(Beth Clifton collage)
Future of logging, hunting, fishing & ranching region lies with nonlethal wildlife tourism
TWISP, Washington––Vanishing salmon, Washington’s worst wildfire roaring through the Methow River Valley in July 2014, and flash floods that turned roads into rivers even before Finley Canyon stopped reeking of smoke and ash have brought beaver back to the Upper and Lower Beaver Creek Road habitat east of Twisp, a 121-year-old former mining and logging town officially claiming 970 human residents.
Beaver had been trapped out of the Beaver Creek neighborhood since before settlement began in the 1880s.

Beaver. (Beth Clifton photo)
The question now is whether the beaver will be tolerated or trapped out, in a state where trappers continue to pelt from 1,000 to 2,000 beaver per year, according to Washington Department of Fish & Wildlife statistics.
“Beaver Creek”
The “Beaver Creek” to which the road names refer is in truth Frazer Creek, a tributary of the actual Beaver Creek. Frazer Creek is now dammed by beavers in several places, at possible risk of the dams contributing to seasonal flooding and soil erosion at vulnerable points along both Upper and Lower Beaver Creek roads and Route 20, the North Cascades Highway.

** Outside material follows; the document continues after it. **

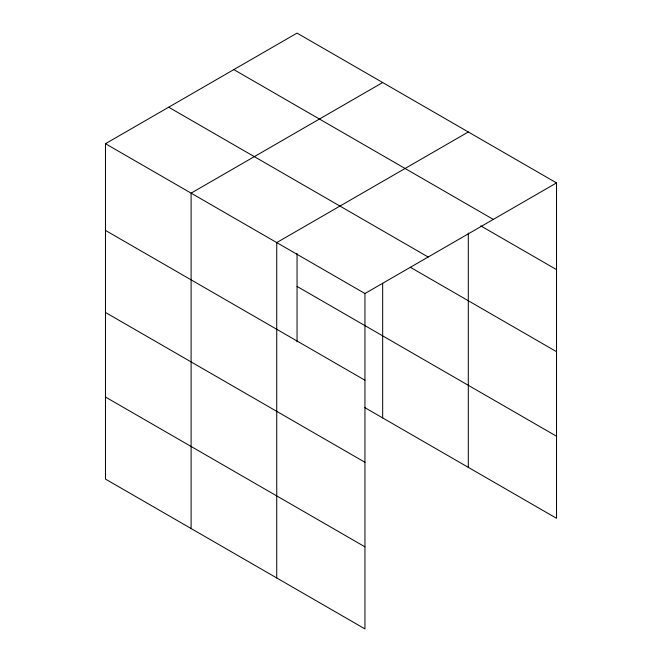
<?xml version="1.0" encoding="UTF-8"?>
<svg xmlns="http://www.w3.org/2000/svg" width="662" height="662" viewBox="0 0 662 662"><rect width="100%" height="100%" fill="white"/><g stroke="black" fill="none" stroke-linecap="round" stroke-linejoin="round"><path stroke-width="0.99" d="M468.299 233.041L468.299 467.364M105.473 143.704L364.952 293.514L364.952 628.9L105.473 479.089L105.473 143.704L297.048 33.1L556.527 182.911L556.527 518.296L364.836 407.627M382.669 82.535L191.103 193.139L191.103 528.524M468.299 131.978L276.733 242.582L276.733 577.967M364.952 293.514L556.527 182.911M233.827 69.601L493.306 219.412M480.778 225.883L556.527 269.616M168.694 107.203L428.173 257.013M410.324 267.274L556.527 351.679M297.048 286.423L556.527 436.233M105.473 230.409L364.952 380.22M105.473 312.472L364.952 462.283M105.473 397.026L364.952 546.837M382.669 283.27L382.669 417.921M297.048 253.422L297.048 341.815"/></g></svg>

The beaver’s log points toward a lodge in the Frazer Creek restoration area. Note the steep slope, burned bare in 2014, at lower right.
(Beth Clifton collage)
That, plus the easy visibility of the beaver work from the highway, may bode poorly for beavers who fail to move farther upstream and downstream before trapping season, to locations where they are no longer so easily seen.
But whatever flooding and erosion might be attributed to beavers will be a fraction of the damage that occurred largely because of their absence, detailed in the Frazer Creek Rehabilitation Plan published in March 2017 by the Methow Salmon Recovery Foundation.
Beaver ponds could have saved 350 homes
The fire was part of it. Had beaver ponds covered the bottoms of more foothill meadows, instead of dry grass, three separate small fires started by lightning could not have combined into the Carlton Complex Fire
“The Carlton Complex Fire claimed 353 homes, 149 other structures, 700 to 1,000 head of cattle, thousands of acres of rangeland and at least 100 acres of tree fruit orchards,” reported Ann McCreary of the 115-year-old Methow Valley News in September 2014.
Further, McCreary added, the Carlton Complex Fire “charred more than 256,000 acres in the Methow Valley and surrounding areas, including thousands of acres of winter range essential to the survival of mule deer and white tail deer.”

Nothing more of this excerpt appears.